The research stops here--the skills developed toward gene isolation and manipulation are put on hold while the rush to product development takes over. Imagine the implications of spraying all the timber plantations in the semi-wild with herbicides. But there is no research into these ecological consequences -- research dollars are committed to bringing products to market as soon as possible.
Back in our labs, the push is also on. I've asked a number of scientists how they feel about herbicide tolerance being the pilot product of genetic engineering? How do they feel about the way the technology they develop is actually applied? Stephanie smiles, and though she is the leader of the molecular biology group, she just shakes her head and says she's glad herbicide tolerance isn't one of our projects. Rob also shakes his head, doesn't say anything. He's already had the funding pulled out from under projects he's worked on at two other labs, losing his job both times. He's not too anxious to make any statements. Pete, busy at the chemistry bench, shrugs his shoulders and acknowledges that funding is everything. ""You work on what they are willing to fund.''
Steven, one of the younger scientists, once confided to me that the herbicide tolerance work is dangerous.
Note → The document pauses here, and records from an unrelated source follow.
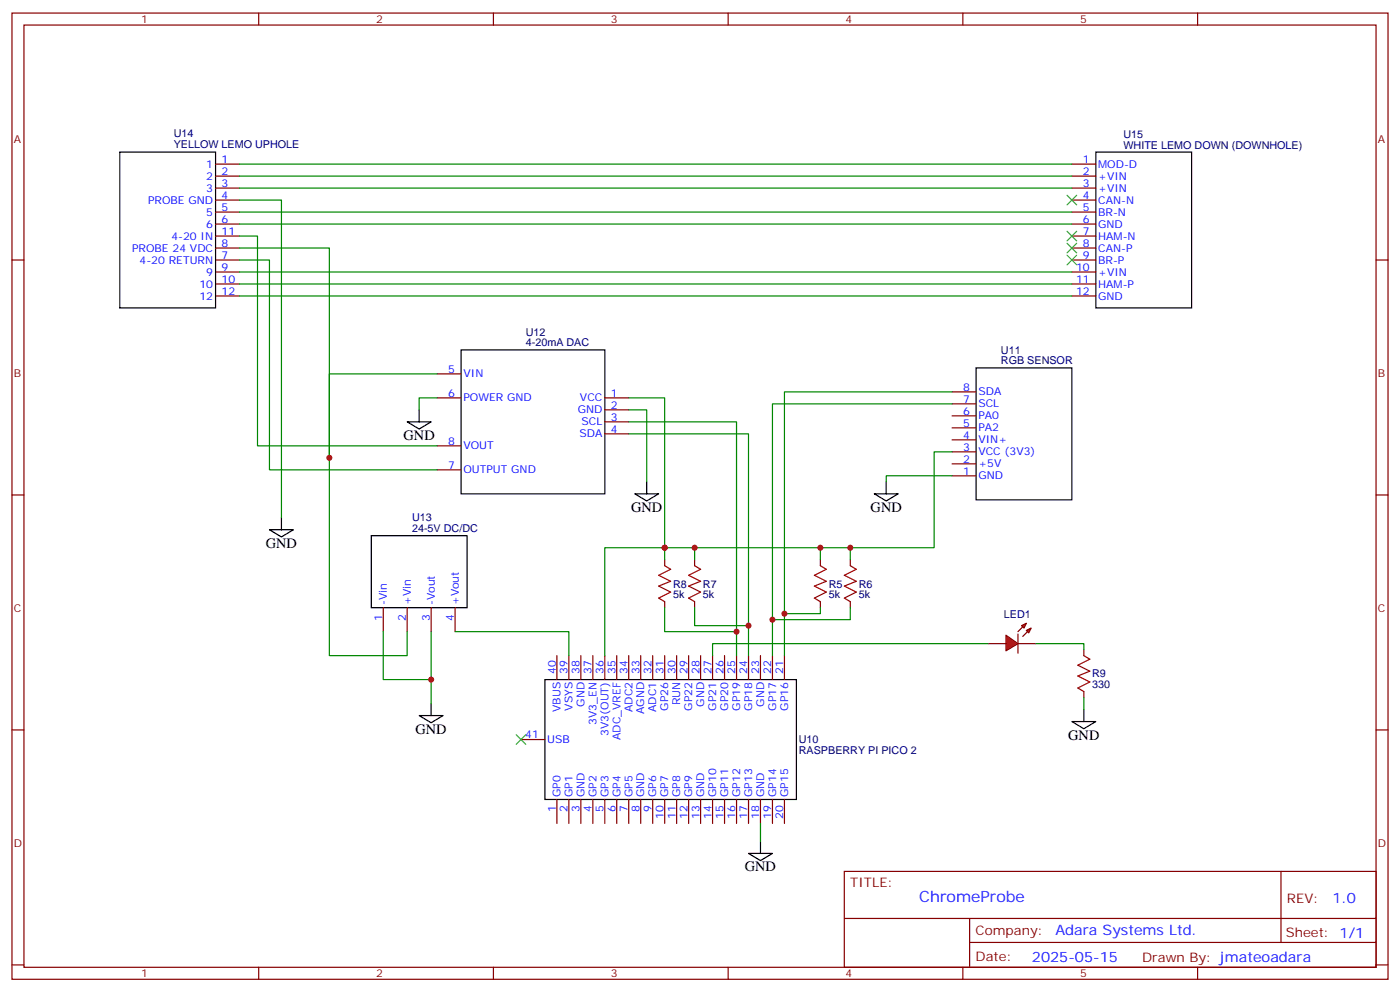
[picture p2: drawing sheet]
<svg xmlns="http://www.w3.org/2000/svg" width="412mm" height="292mm" viewBox="0 0 412 292" stroke-linecap="round" stroke-linejoin="round" font-family="sans-serif">
<g fill="none" stroke="#870000" stroke-width=".35">
<path d="M3.5 3.8h405.4v284.4h-405.4zM7.1 7.4h398.2v277.3h-398.2zM76.2 3.8v3.6M145.3 3.8v3.6M214.5 3.8v3.6M283.6 3.8v3.6M352.8 3.8v3.6M63.5 48.3h7.1M63.5 51.8h7.1M63.5 55.4h7.1M63.5 58.9h7.1M3.5 76.5h3.6"/>
<path d="M63.5 76.5h7.1M63.5 62.4h7.1M63.5 65.9h7.1M63.5 69.5h7.1M63.5 73h7.1M405.3 76.5h3.6M63.5 80h7.1M63.5 83.6h7.1M63.5 87.1h7.1M128.8 117.1h7M128.8 110h7M178.2 117.1h7"/>
<path d="M280.5 118.9h7M280.5 115.3h7M128.8 138.3h7M128.8 131.2h7M178.2 120.6h7M178.2 124.1h7M178.2 127.7h7M280.5 136.5h7M280.5 133h7M280.5 129.4h7M280.5 125.9h7M280.5 122.4h7"/>
<path d="M3.5 145.7h3.6M280.5 140h7M405.3 145.7h3.6M112.9 178.8v7.1M119.9 178.8v7.1M127 178.8v7.1M134.1 178.8v7.1M195.8 164.7v1.8M195.8 177.1v1.7M204.6 164.7v1.8M204.6 177.1v1.7M241.7 164.7v1.8"/>
<path d="M241.7 177.1v1.7M250.5 164.7v1.8M250.5 177.1v1.7M164 192.9v7.1M167.6 192.9v7.1M171.1 192.9v7.1M174.6 192.9v7.1M178.2 192.9v7.1M181.7 192.9v7.1M185.2 192.9v7.1M188.7 192.9v7.1M192.3 192.9v7.1"/>
<path d="M195.8 192.9v7.1M199.3 192.9v7.1M202.8 192.9v7.1M206.4 192.9v7.1M209.9 192.9v7.1M213.4 192.9v7.1M217 192.9v7.1M220.5 192.9v7.1M224 192.9v7.1M227.5 192.9v7.1M231.1 192.9v7.1M3.5 214.8h3.6"/>
<path d="M153.5 217.6h7M405.3 214.8h3.6M164 235.3v7M167.6 235.3v7M171.1 235.3v7M174.6 235.3v7M178.2 235.3v7M181.7 235.3v7M185.2 235.3v7M188.7 235.3v7M192.3 235.3v7M195.8 235.3v7"/>
<path d="M199.3 235.3v7M202.8 235.3v7M206.4 235.3v7M209.9 235.3v7M213.4 235.3v7M217 235.3v7M220.5 235.3v7M224 235.3v7M227.5 235.3v7M231.1 235.3v7M248.7 256.4h156.6v28.3h-156.6zM377.3 256.5v20.8"/>
<path d="M248.7 270.3h156.5M285.6 277.3h119.6M285.6 270.3v14.1M3.5 284h3.6M76.2 284.7v3.5M145.3 284.7v3.5M214.5 284.7v3.5M283.6 284.7v3.5M352.8 284.7v3.5M405.3 284h3.6"/>
</g>
<g fill="none" stroke="#000" stroke-width=".35">
<path d="M35.3 44.8h28.2v45.8h-28.2zM135.8 103h42.4v42.3h-42.4zM287.5 108.3h28.2v38.8h-28.2zM119.9 124.1h7.1l-3.5 2.2zM123.5 120.6v3.5M79.4 155.9h7l-3.5 2.1zM82.9 152.4v3.5M109.4 157.7h28.2v21.1h-28.2zM187 145.3h7l-3.5 2.1zM190.5 141.8v3.5M160.5 200h74.1v35.3h-74.1zM123.5 210.6h7l-3.5 2.1z"/>
<path d="M127 207v3.6M220.5 251.1h7l-3.5 2.2zM224 247.6v3.5"/>
</g>
<g fill="none" stroke="#008700" stroke-width=".35">
<path d="M70.6 58.9h12.3v93.5M70.6 69.5h5.2v61.7h53M70.6 76.5h8.8v61.8h49.4M70.6 73h26.4v119.9h22.9v-7M128.8 110h-31.8v24.7M128.8 117.1h-5.3v3.5M185.2 117.1h10.6v47.6M280.5 115.3h-49.4v77.6M280.5 118.9h-53v74M185.2 127.7h35.3v65.2M185.2 124.1h31.8v68.8M185.2 120.6h5.3v21.2"/>
<path d="M280.5 133h-5.3v28.2h-97v31.7M195.8 178.8v7.1h21.2M204.6 178.8v5.3h15.9M204.6 161.2v3.5M241.7 178.8v1.8h-10.6M241.7 161.2v3.5M250.5 178.8v3.6h-23M250.5 161.2v3.5M112.9 185.9v14.1h14.1M127 185.9v21.1M134.1 185.9h33.5v7M224 242.3v5.3"/>
</g>
<path d="M195.8 166.5l1.8 1-3.6 1.8 3.6 1.8-3.6 1.4 3.6 1.7-3.6 1.8 1.8 1.1M204.6 166.5l1.8 1-3.6 1.8 3.6 1.8-3.6 1.4 3.6 1.7-3.6 1.8 1.8 1.1M241.7 166.5l1.7 1-3.5 1.8 3.5 1.8-3.5 1.4 3.5 1.7-3.5 1.8 1.8 1.1M250.5 166.5l1.7 1-3.5 1.8 3.5 1.8-3.5 1.4 3.5 1.7-3.5 1.8 1.8 1.1" fill="none" stroke="#a10000" stroke-width=".35"/>
<g fill="#f00" stroke="#870000" stroke-width=".35">
<path d="M296.3 186.9l3.6 2.5-3.6 2.1z"/>
<path d="M299.9 186.6v5.6z"/>
</g>
<g fill="#870000" stroke="#870000" stroke-width=".35">
<path d="M299.9 185.9l1.4-1.4z"/>
<path d="M301.3 187.3l1.4-1.4z"/>
</g>
<g fill="#f00" stroke="#870000" stroke-width=".35">
<path d="M300.9 184.1l1.4-.7-.7 1.4z"/>
<path d="M302.3 185.5l1.4-.7-.7 1.4z"/>
</g>
<g fill="none" stroke="#870000" stroke-width=".35">
<path d="M315.7 48.3h7.1M315.7 51.8h7.1M315.7 55.4h7.1M315.7 58.9h7.1M315.7 62.4h7.1M315.7 65.9h7.1M315.7 69.5h7.1M315.7 73h7.1M315.7 76.5h7.1M315.7 80h7.1M315.7 83.6h7.1M315.7 87.1h7.1"/>
<path d="M291 189.4h5.3M299.9 189.4h5.3M319.3 191.2v1.7M319.3 203.5v1.8"/>
</g>
<path d="M319.3 192.9l1.7 1.1-3.5 1.8 3.5 1.7-3.5 1.4 3.5 1.8-3.5 1.8 1.8 1" fill="none" stroke="#a10000" stroke-width=".35"/>
<path d="M70.6 48.3h245.1M70.6 51.8h245.1M70.6 55.4h245.1M70.6 62.4h245.1M70.6 65.9h245.1M70.6 80h245.1M70.6 83.6h245.1M70.6 87.1h245.1M280.5 140h-19.4v1.8M291 189.4h-81.1v3.5M305.2 189.4h14.1v1.8M319.3 205.3v3.5" fill="none" stroke="#008700" stroke-width=".35"/>
<path d="M322.8 44.8h28.2v45.8h-28.2zM257.5 145.3h7.1l-3.5 2.1zM261.1 141.8v3.5M315.7 212.3h7.1l-3.5 2.2zM319.3 208.8v3.5" fill="none" stroke="#000" stroke-width=".35"/>
<path d="M314.3 57.5l2.8 2.8M317.1 57.5l-2.8 2.8M314.3 68.1l2.8 2.8M314.3 71.6l2.8 2.8M314.3 75.1l2.8 2.8M317.1 68.1l-2.8 2.8M317.1 71.6l-2.8 2.8M317.1 75.1l-2.8 2.8M152 216.2l2.9 2.8M154.9 216.2l-2.9 2.8" fill="none" stroke="#3c3" stroke-width=".35"/>
<g fill="#c00">
<circle cx="195.8" cy="161.2" r=".88"/>
<circle cx="231.1" cy="180.6" r=".88"/>
<circle cx="227.5" cy="182.4" r=".88"/>
<circle cx="220.5" cy="184.1" r=".88"/>
<circle cx="217" cy="185.9" r=".88"/>
<circle cx="241.7" cy="161.2" r=".88"/>
<circle cx="250.5" cy="161.2" r=".88"/>
<circle cx="204.6" cy="161.2" r=".88"/>
<circle cx="127" cy="200" r=".88"/>
<circle cx="97" cy="134.7" r=".88"/>
</g>
<text font-size="4.6" fill="#00f" x="270.8" y="265.5">ChromeProbe</text>
<g font-size="4.2">
<text x="118.9" y="129.4">GND</text>
<text x="185.9" y="150.6">GND</text>
<text x="256.5" y="150.6">GND</text>
<text x="78.3" y="161.2">GND</text>
<text x="122.4" y="215.9">GND</text>
<text x="314.7" y="217.6">GND</text>
<text x="219.4" y="256.4">GND</text>
</g>
<g font-size="4.2" fill="#00f">
<text x="392.5" y="265.7">1.0</text>
<text x="310.9" y="275.3">Adara Systems Ltd.</text>
<text x="304" y="283.1">2025-05-15</text>
</g>
<g font-size="3.9" fill="#800">
<text x="250.5" y="261">TITLE:</text>
<text x="379.1" y="265.7">REV:</text>
<text x="287.4" y="275.2">Company:</text>
<text x="378.7" y="275.8">Sheet: 1/1</text>
<text x="287.4" y="282.9">Date:</text>
<text x="336.4" y="283">Drawn By: jmateoadara</text>
</g>
<g font-size="3.2" fill="#800">
<text x="41.6" y="6.8">1</text>
<text x="110.8" y="6.8">2</text>
<text x="179.9" y="6.8">3</text>
<text x="249.1" y="6.8">4</text>
<text x="318.2" y="6.8">5</text>
<text x="4.1" y="41.9">A</text>
<text x="405.9" y="41.9">A</text>
<text x="4.1" y="111.1">B</text>
<text x="405.9" y="111.1">B</text>
<text x="4.1" y="180.2">C</text>
<text x="405.9" y="180.2">C</text>
<text x="4.1" y="249.4">D</text>
<text x="405.9" y="249.4">D</text>
<text x="41.6" y="287.7">1</text>
<text x="110.8" y="287.7">2</text>
<text x="179.9" y="287.7">3</text>
<text x="249.1" y="287.7">4</text>
<text x="318.2" y="287.7">5</text>
</g>
<g font-size="3.2" fill="#000080">
<text x="51.2" y="40.4">U14</text>
<text x="330.9" y="40.5">U15</text>
<text x="51.2" y="43.5">YELLOW LEMO UPHOLE</text>
<text x="330.9" y="43.7">WHITE LEMO DOWN (DOWNHOLE)</text>
<text x="154.9" y="101.9">4-20mA DAC</text>
<text x="154.9" y="98.7">U12</text>
<text x="294.8" y="107.2">RGB SENSOR</text>
<text x="294.8" y="104">U11</text>
<text x="121.4" y="153.4">U13</text>
<text x="121.4" y="156.6">24-5V DC/DC</text>
<text x="198.3" y="172.9">R8</text>
<text x="207.1" y="172.9">R7</text>
<text x="244.1" y="172.9">R5</text>
<text x="252.9" y="172.9">R6</text>
<text x="198.3" y="176.1">5k</text>
<text x="207.1" y="176.1">5k</text>
<text x="244.1" y="176.1">5k</text>
<text x="252.9" y="176.1">5k</text>
<text x="295.7" y="181.7">LED1</text>
<text x="321.7" y="202.5">330</text>
<text x="321.7" y="199.4">R9</text>
<text x="235.3" y="221.9">RASPBERRY PI PICO 2</text>
<text x="235.3" y="218.7">U10</text>
</g>
<g font-size="3.2" fill="#00f">
<text x="65.3" y="47.9">1</text>
<text x="319" y="47.9">1</text>
<text x="60.8" y="49.4">1</text>
<text x="60.8" y="52.9">2</text>
<text x="65.3" y="51.5">2</text>
<text x="319" y="51.5">2</text>
<text x="323.5" y="49.4">MOD-D</text>
<text x="323.5" y="52.9">+VIN</text>
<text x="43.6" y="59.9">PROBE GND</text>
<text x="60.8" y="56.4">3</text>
<text x="65.3" y="55">3</text>
<text x="65.3" y="58.5">4</text>
<text x="319" y="55">3</text>
<text x="319" y="58.5">4</text>
<text x="323.5" y="56.4">+VIN</text>
<text x="323.5" y="59.9">CAN-N</text>
<text x="60.8" y="63.5">5</text>
<text x="65.3" y="62.1">5</text>
<text x="65.3" y="65.6">6</text>
<text x="319" y="62.1">5</text>
<text x="319" y="65.6">6</text>
<text x="323.5" y="63.5">BR-N</text>
<text x="50.5" y="70.5">4-20 IN</text>
<text x="60.8" y="67">6</text>
<text x="65.3" y="69.1">11</text>
<text x="319" y="69.1">7</text>
<text x="323.5" y="67">GND</text>
<text x="323.5" y="70.5">HAM-N</text>
<text x="38.9" y="74">PROBE 24 VDC</text>
<text x="41.1" y="77.6">4-20 RETURN</text>
<text x="65.3" y="72.6">8</text>
<text x="65.3" y="76.2">7</text>
<text x="319" y="72.6">8</text>
<text x="319" y="76.2">9</text>
<text x="323.5" y="74">CAN-P</text>
<text x="323.5" y="77.6">BR-P</text>
<text x="60.8" y="81.1">9</text>
<text x="65.3" y="79.7">9</text>
<text x="65.3" y="83.2">10</text>
<text x="317" y="79.7">10</text>
<text x="317" y="83.2">11</text>
<text x="323.5" y="81.1">+VIN</text>
<text x="58.8" y="84.6">10</text>
<text x="58.8" y="88.2">12</text>
<text x="65.3" y="86.7">12</text>
<text x="317" y="86.7">12</text>
<text x="323.5" y="84.6">HAM-P</text>
<text x="323.5" y="88.2">GND</text>
<text x="132" y="109.7">5</text>
<text x="136.5" y="111.1">VIN</text>
<text x="132" y="116.7">6</text>
<text x="136.5" y="118.1">POWER GND</text>
<text x="170.8" y="118.1">VCC</text>
<text x="179.9" y="116.7">1</text>
<text x="283.7" y="118.5">7</text>
<text x="283.7" y="115">8</text>
<text x="288.2" y="119.9">SCL</text>
<text x="288.2" y="116.4">SDA</text>
<text x="170.2" y="121.7">GND</text>
<text x="171.3" y="125.2">SCL</text>
<text x="179.9" y="120.3">2</text>
<text x="179.9" y="123.8">3</text>
<text x="283.7" y="125.6">5</text>
<text x="283.7" y="122">6</text>
<text x="288.2" y="123.4">PA0</text>
<text x="132" y="130.8">8</text>
<text x="170.7" y="128.7">SDA</text>
<text x="179.9" y="127.3">4</text>
<text x="283.7" y="129.1">4</text>
<text x="288.2" y="130.5">VIN+</text>
<text x="288.2" y="127">PA2</text>
<text x="132" y="137.9">7</text>
<text x="136.5" y="132.3">VOUT</text>
<text x="283.7" y="136.1">2</text>
<text x="283.7" y="132.6">3</text>
<text x="288.2" y="137.5">+5V</text>
<text x="288.2" y="134">VCC (3V3)</text>
<text x="136.5" y="139.3">OUTPUT GND</text>
<text x="283.7" y="139.7">1</text>
<text x="288.2" y="141.1">GND</text>
<text x="113.9" y="178.1" transform="rotate(-90 113.9 178.1)">-Vin</text>
<text x="121" y="178.1" transform="rotate(-90 121 178.1)">+Vin</text>
<text x="128.1" y="178.1" transform="rotate(-90 128.1 178.1)">-Vout</text>
<text x="135.1" y="178.1" transform="rotate(-90 135.1 178.1)">+Vout</text>
<text x="112.5" y="182.6" transform="rotate(-90 112.5 182.6)">1</text>
<text x="119.6" y="182.6" transform="rotate(-90 119.6 182.6)">2</text>
<text x="126.6" y="182.6" transform="rotate(-90 126.6 182.6)">3</text>
<text x="133.7" y="182.6" transform="rotate(-90 133.7 182.6)">4</text>
<text x="163.7" y="198.2" transform="rotate(-90 163.7 198.2)">40</text>
<text x="167.2" y="198.2" transform="rotate(-90 167.2 198.2)">39</text>
<text x="170.7" y="198.2" transform="rotate(-90 170.7 198.2)">38</text>
<text x="174.3" y="198.2" transform="rotate(-90 174.3 198.2)">37</text>
<text x="177.8" y="198.2" transform="rotate(-90 177.8 198.2)">36</text>
<text x="181.3" y="198.2" transform="rotate(-90 181.3 198.2)">35</text>
<text x="184.9" y="198.2" transform="rotate(-90 184.9 198.2)">34</text>
<text x="188.4" y="198.2" transform="rotate(-90 188.4 198.2)">33</text>
<text x="191.9" y="198.2" transform="rotate(-90 191.9 198.2)">32</text>
<text x="195.4" y="198.2" transform="rotate(-90 195.4 198.2)">31</text>
<text x="199" y="198.2" transform="rotate(-90 199 198.2)">30</text>
<text x="202.5" y="198.2" transform="rotate(-90 202.5 198.2)">29</text>
<text x="206" y="198.2" transform="rotate(-90 206 198.2)">28</text>
<text x="209.5" y="198.2" transform="rotate(-90 209.5 198.2)">27</text>
<text x="213.1" y="198.2" transform="rotate(-90 213.1 198.2)">26</text>
<text x="216.6" y="198.2" transform="rotate(-90 216.6 198.2)">25</text>
<text x="220.1" y="198.2" transform="rotate(-90 220.1 198.2)">24</text>
<text x="223.7" y="198.2" transform="rotate(-90 223.7 198.2)">23</text>
<text x="227.2" y="198.2" transform="rotate(-90 227.2 198.2)">22</text>
<text x="230.7" y="198.2" transform="rotate(-90 230.7 198.2)">21</text>
<text x="165.1" y="209.5" transform="rotate(-90 165.1 209.5)">VBUS</text>
<text x="168.6" y="209.2" transform="rotate(-90 168.6 209.2)">VSYS</text>
<text x="172.2" y="208" transform="rotate(-90 172.2 208)">GND</text>
<text x="186.3" y="209.5" transform="rotate(-90 186.3 209.5)">ADC2</text>
<text x="193.3" y="209.5" transform="rotate(-90 193.3 209.5)">ADC1</text>
<text x="196.8" y="209.1" transform="rotate(-90 196.8 209.1)">GP26</text>
<text x="200.4" y="207.6" transform="rotate(-90 200.4 207.6)">RUN</text>
<text x="203.9" y="209.1" transform="rotate(-90 203.9 209.1)">GP22</text>
<text x="207.4" y="208" transform="rotate(-90 207.4 208)">GND</text>
<text x="211" y="209.1" transform="rotate(-90 211 209.1)">GP21</text>
<text x="214.5" y="209.1" transform="rotate(-90 214.5 209.1)">GP20</text>
<text x="218" y="209.1" transform="rotate(-90 218 209.1)">GP19</text>
<text x="221.5" y="209.1" transform="rotate(-90 221.5 209.1)">GP18</text>
<text x="225.1" y="208" transform="rotate(-90 225.1 208)">GND</text>
<text x="228.6" y="209.1" transform="rotate(-90 228.6 209.1)">GP17</text>
<text x="232.1" y="209.1" transform="rotate(-90 232.1 209.1)">GP16</text>
<text x="175.7" y="213.3" transform="rotate(-90 175.7 213.3)">3V3_EN</text>
<text x="189.8" y="210.1" transform="rotate(-90 189.8 210.1)">AGND</text>
<text x="154.7" y="217.3">41</text>
<text x="161.2" y="218.7">USB</text>
<text x="179.2" y="216.6" transform="rotate(-90 179.2 216.6)">3V3(OUT)</text>
<text x="182.7" y="217.7" transform="rotate(-90 182.7 217.7)">ADC_VREF</text>
<text x="163.7" y="239" transform="rotate(-90 163.7 239)">1</text>
<text x="165.1" y="234.6" transform="rotate(-90 165.1 234.6)">GP0</text>
<text x="167.2" y="239" transform="rotate(-90 167.2 239)">2</text>
<text x="168.6" y="234.6" transform="rotate(-90 168.6 234.6)">GP1</text>
<text x="170.7" y="239" transform="rotate(-90 170.7 239)">3</text>
<text x="172.2" y="234.6" transform="rotate(-90 172.2 234.6)">GND</text>
<text x="174.3" y="239" transform="rotate(-90 174.3 239)">4</text>
<text x="175.7" y="234.6" transform="rotate(-90 175.7 234.6)">GP2</text>
<text x="177.8" y="239" transform="rotate(-90 177.8 239)">5</text>
<text x="179.2" y="234.6" transform="rotate(-90 179.2 234.6)">GP3</text>
<text x="181.3" y="239" transform="rotate(-90 181.3 239)">6</text>
<text x="182.7" y="234.6" transform="rotate(-90 182.7 234.6)">GP4</text>
<text x="184.9" y="239" transform="rotate(-90 184.9 239)">7</text>
<text x="186.3" y="234.6" transform="rotate(-90 186.3 234.6)">GP5</text>
<text x="188.4" y="239" transform="rotate(-90 188.4 239)">8</text>
<text x="189.8" y="234.6" transform="rotate(-90 189.8 234.6)">GND</text>
<text x="191.9" y="239" transform="rotate(-90 191.9 239)">9</text>
<text x="193.3" y="234.6" transform="rotate(-90 193.3 234.6)">GP6</text>
<text x="196.8" y="234.6" transform="rotate(-90 196.8 234.6)">GP7</text>
<text x="200.4" y="234.6" transform="rotate(-90 200.4 234.6)">GP8</text>
<text x="203.9" y="234.6" transform="rotate(-90 203.9 234.6)">GP9</text>
<text x="207.4" y="234.6" transform="rotate(-90 207.4 234.6)">GND</text>
<text x="211" y="234.6" transform="rotate(-90 211 234.6)">GP10</text>
<text x="214.5" y="234.6" transform="rotate(-90 214.5 234.6)">GP11</text>
<text x="218" y="234.6" transform="rotate(-90 218 234.6)">GP12</text>
<text x="221.5" y="234.6" transform="rotate(-90 221.5 234.6)">GP13</text>
<text x="225.1" y="234.6" transform="rotate(-90 225.1 234.6)">GND</text>
<text x="228.6" y="234.6" transform="rotate(-90 228.6 234.6)">GP14</text>
<text x="232.1" y="234.6" transform="rotate(-90 232.1 234.6)">GP15</text>
<text x="195.4" y="241.1" transform="rotate(-90 195.4 241.1)">10</text>
<text x="199" y="241.1" transform="rotate(-90 199 241.1)">11</text>
<text x="202.5" y="241.1" transform="rotate(-90 202.5 241.1)">12</text>
<text x="206" y="241.1" transform="rotate(-90 206 241.1)">13</text>
<text x="209.5" y="241.1" transform="rotate(-90 209.5 241.1)">14</text>
<text x="213.1" y="241.1" transform="rotate(-90 213.1 241.1)">15</text>
<text x="216.6" y="241.1" transform="rotate(-90 216.6 241.1)">16</text>
<text x="220.1" y="241.1" transform="rotate(-90 220.1 241.1)">17</text>
<text x="223.7" y="241.1" transform="rotate(-90 223.7 241.1)">18</text>
<text x="227.2" y="241.1" transform="rotate(-90 227.2 241.1)">19</text>
<text x="230.7" y="241.1" transform="rotate(-90 230.7 241.1)">20</text>
</g>
</svg>

He was labeled a liberal by the rest of the group for being against the attack on Iraq. This relatively mild political stance made his lab mate so uncomfortable she stopped speaking to him. He recently left the labs to go back to graduate school and study environmental law. Two years ago, another young cell biologist left for law school. He, however, was going to be a patent attorney.
Stephanie, Rob and Steven, the dedicated bench scientists, are not the driving forces of the operation. There is another career track in the labs, the scientist turned businessman/manager. Tim, the cell biology leader, is competent and professional, definitely a candidate for the business track, although he rather ruefully told me one day, ""I went to graduate school in the '70s. The structure of DNA had just been identified. It was incredibly exciting. The scientists in those years had a say in the direction the discovery could take. There was a tremendous amount of debate on the responsible application of the science. I never would have believed then that I would end up working in industry.'' He now is wholeheartedly committed to the projects assigned to him. Edgar has been sharpening his business and management skills, and has teamed with with go-getter Matt, who is a Ph.D. in biochemistry turned MBA. Together they have plans to take our group to the top, to be first in both technology and business development. They are a fair representation of what science is these days: competitive and very business oriented. Not long ago I heard Matt commenting, ""we've got the solution, now all we need is the problem.'' He was talking about some finding on altering the starch content in wheat that had the potential of being applied to pasta production. It turns out that the big food processors have a problem with pasta microwavability -- the pasta gets mushy. Excited discussion percolated throughout the company about the microwave oven application.